# [WORK REQUIRED]
Using the records that follow, copy every line containing the word "path".
--- PROVIDED MATERIAL Enclosed Below ---
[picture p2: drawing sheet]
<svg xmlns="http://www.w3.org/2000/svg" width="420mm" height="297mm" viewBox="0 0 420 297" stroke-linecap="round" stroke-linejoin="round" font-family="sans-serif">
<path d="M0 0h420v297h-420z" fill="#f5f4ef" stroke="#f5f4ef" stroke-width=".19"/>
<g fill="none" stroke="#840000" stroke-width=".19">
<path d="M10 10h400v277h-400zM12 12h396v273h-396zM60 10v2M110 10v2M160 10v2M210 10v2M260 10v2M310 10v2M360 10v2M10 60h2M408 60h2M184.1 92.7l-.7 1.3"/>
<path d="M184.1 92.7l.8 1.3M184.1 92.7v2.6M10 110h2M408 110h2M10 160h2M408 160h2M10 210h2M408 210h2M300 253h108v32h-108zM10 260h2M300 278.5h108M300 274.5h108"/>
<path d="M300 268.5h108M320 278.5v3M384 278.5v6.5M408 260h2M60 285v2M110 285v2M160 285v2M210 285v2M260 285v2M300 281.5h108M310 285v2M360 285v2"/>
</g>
--- End of Enclosed PROVIDED MATERIAL ---
# [EXERCISE ANSWER]
<path d="M0 0h420v297h-420z" fill="#f5f4ef" stroke="#f5f4ef" stroke-width=".19"/>
<path d="M10 10h400v277h-400zM12 12h396v273h-396zM60 10v2M110 10v2M160 10v2M210 10v2M260 10v2M310 10v2M360 10v2M10 60h2M408 60h2M184.1 92.7l-.7 1.3"/>
<path d="M184.1 92.7l.8 1.3M184.1 92.7v2.6M10 110h2M408 110h2M10 160h2M408 160h2M10 210h2M408 210h2M300 253h108v32h-108zM10 260h2M300 278.5h108M300 274.5h108"/>
<path d="M300 268.5h108M320 278.5v3M384 278.5v6.5M408 260h2M60 285v2M110 285v2M160 285v2M210 285v2M260 285v2M300 281.5h108M310 285v2M360 285v2"/>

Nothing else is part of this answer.